__PROBLEM STATEMENT__: Print exactly the lines starting at the one that contains "#145=CARTESIAN_POINT('',(42.,50.,13.));" and ending at the last line of the listing below.

__RECORDED INFORMATION__:
----

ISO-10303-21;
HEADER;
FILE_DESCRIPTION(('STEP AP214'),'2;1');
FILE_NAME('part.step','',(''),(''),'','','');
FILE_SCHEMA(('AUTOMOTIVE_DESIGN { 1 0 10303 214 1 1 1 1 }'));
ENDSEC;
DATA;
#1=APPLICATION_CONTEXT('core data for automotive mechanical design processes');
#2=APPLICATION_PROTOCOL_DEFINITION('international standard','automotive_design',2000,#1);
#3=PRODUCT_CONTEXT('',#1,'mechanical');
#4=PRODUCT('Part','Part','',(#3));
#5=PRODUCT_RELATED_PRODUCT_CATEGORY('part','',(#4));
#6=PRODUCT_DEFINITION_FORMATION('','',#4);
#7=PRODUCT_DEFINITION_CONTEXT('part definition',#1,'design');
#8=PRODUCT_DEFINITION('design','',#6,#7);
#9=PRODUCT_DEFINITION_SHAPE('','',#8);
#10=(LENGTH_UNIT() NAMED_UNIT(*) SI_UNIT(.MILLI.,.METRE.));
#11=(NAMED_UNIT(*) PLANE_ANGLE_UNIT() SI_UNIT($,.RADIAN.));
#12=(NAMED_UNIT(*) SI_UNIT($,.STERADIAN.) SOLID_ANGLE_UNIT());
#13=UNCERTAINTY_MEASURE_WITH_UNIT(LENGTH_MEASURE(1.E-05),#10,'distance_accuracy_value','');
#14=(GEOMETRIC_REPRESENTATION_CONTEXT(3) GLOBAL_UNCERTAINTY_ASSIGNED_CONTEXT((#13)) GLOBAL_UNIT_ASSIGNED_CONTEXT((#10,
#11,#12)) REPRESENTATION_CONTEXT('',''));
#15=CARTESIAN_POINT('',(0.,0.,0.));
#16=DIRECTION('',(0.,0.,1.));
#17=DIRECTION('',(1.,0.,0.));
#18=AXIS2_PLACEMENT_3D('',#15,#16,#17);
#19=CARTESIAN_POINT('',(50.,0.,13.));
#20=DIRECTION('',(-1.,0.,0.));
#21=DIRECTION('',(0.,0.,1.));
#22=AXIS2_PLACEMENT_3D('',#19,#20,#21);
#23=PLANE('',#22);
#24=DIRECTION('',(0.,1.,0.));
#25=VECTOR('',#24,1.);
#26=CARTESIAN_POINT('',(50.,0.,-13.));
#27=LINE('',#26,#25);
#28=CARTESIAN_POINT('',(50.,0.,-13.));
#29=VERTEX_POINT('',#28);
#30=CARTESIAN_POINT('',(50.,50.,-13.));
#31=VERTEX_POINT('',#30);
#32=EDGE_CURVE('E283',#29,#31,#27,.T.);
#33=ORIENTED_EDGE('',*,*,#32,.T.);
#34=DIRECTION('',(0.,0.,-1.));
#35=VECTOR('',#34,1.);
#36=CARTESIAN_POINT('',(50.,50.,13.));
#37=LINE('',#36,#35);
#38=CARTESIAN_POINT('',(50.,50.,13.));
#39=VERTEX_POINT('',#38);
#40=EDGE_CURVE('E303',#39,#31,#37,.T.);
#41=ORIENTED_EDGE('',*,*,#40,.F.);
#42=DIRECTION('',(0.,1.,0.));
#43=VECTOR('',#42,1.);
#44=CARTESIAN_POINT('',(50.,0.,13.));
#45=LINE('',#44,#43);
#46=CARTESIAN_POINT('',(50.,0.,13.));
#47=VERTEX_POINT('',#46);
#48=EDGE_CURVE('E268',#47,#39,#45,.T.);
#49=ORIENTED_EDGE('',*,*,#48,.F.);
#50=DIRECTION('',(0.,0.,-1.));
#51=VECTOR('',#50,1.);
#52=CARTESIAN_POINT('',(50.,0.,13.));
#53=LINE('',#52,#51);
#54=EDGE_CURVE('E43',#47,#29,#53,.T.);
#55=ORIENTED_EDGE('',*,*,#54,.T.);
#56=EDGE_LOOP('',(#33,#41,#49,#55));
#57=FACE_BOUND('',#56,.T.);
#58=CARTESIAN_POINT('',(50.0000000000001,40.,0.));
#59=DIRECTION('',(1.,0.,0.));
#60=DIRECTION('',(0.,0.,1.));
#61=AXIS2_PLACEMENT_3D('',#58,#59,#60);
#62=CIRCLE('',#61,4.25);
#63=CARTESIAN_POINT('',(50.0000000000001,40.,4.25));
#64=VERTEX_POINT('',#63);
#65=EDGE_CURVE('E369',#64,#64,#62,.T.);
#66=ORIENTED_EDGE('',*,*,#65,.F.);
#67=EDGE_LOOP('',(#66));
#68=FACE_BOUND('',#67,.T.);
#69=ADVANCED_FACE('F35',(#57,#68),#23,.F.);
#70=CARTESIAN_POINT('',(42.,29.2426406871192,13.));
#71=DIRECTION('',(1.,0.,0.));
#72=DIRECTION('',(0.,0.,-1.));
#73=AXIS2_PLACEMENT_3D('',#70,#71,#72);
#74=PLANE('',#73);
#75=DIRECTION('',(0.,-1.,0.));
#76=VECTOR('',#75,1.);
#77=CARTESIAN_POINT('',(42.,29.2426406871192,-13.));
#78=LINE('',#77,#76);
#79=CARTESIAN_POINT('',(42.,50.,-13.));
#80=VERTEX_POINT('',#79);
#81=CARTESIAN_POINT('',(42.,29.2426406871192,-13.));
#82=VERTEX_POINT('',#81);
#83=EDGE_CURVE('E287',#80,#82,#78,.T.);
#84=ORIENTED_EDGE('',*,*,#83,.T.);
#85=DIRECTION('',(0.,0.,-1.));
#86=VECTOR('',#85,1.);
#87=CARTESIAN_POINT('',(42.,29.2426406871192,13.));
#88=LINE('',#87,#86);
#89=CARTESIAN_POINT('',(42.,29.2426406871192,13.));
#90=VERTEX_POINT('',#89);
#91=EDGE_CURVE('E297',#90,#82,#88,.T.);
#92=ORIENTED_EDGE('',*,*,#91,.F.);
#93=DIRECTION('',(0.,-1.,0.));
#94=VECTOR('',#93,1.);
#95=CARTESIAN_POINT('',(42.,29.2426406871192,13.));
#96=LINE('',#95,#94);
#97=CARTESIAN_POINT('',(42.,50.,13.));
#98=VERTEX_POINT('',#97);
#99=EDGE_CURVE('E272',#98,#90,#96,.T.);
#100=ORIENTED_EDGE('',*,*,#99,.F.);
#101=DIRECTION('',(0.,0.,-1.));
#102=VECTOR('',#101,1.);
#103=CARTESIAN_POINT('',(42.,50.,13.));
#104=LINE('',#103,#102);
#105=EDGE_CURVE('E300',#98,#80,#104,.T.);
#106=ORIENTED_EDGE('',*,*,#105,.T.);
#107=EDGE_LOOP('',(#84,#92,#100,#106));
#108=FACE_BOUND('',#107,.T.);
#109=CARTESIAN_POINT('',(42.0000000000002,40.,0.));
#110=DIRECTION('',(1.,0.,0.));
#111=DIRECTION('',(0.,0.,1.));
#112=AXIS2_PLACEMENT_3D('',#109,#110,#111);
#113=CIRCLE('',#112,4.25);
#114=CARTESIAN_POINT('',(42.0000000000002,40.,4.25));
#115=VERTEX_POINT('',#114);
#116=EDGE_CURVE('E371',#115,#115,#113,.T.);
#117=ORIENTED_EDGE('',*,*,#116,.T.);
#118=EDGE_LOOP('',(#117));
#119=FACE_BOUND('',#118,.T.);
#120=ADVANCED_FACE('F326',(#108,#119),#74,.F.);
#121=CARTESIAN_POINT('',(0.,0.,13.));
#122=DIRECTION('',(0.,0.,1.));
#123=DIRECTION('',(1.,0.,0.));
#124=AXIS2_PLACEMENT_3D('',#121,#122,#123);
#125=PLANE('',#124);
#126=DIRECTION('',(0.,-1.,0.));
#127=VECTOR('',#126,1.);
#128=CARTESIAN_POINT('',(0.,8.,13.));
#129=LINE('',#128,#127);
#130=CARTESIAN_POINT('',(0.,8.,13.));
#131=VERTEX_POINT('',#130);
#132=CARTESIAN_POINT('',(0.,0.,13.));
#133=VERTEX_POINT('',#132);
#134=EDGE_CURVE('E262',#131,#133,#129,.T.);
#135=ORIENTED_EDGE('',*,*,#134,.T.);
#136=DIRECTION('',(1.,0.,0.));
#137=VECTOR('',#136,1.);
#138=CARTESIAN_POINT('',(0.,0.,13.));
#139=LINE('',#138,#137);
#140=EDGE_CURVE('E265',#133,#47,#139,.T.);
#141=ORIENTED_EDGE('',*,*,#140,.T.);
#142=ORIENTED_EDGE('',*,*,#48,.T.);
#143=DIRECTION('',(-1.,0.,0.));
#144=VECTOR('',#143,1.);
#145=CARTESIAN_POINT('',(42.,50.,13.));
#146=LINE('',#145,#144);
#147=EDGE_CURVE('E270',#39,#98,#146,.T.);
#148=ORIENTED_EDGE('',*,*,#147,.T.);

----

__TASK RESPONSE__:
#145=CARTESIAN_POINT('',(42.,50.,13.));
#146=LINE('',#145,#144);
#147=EDGE_CURVE('E270',#39,#98,#146,.T.);
#148=ORIENTED_EDGE('',*,*,#147,.T.);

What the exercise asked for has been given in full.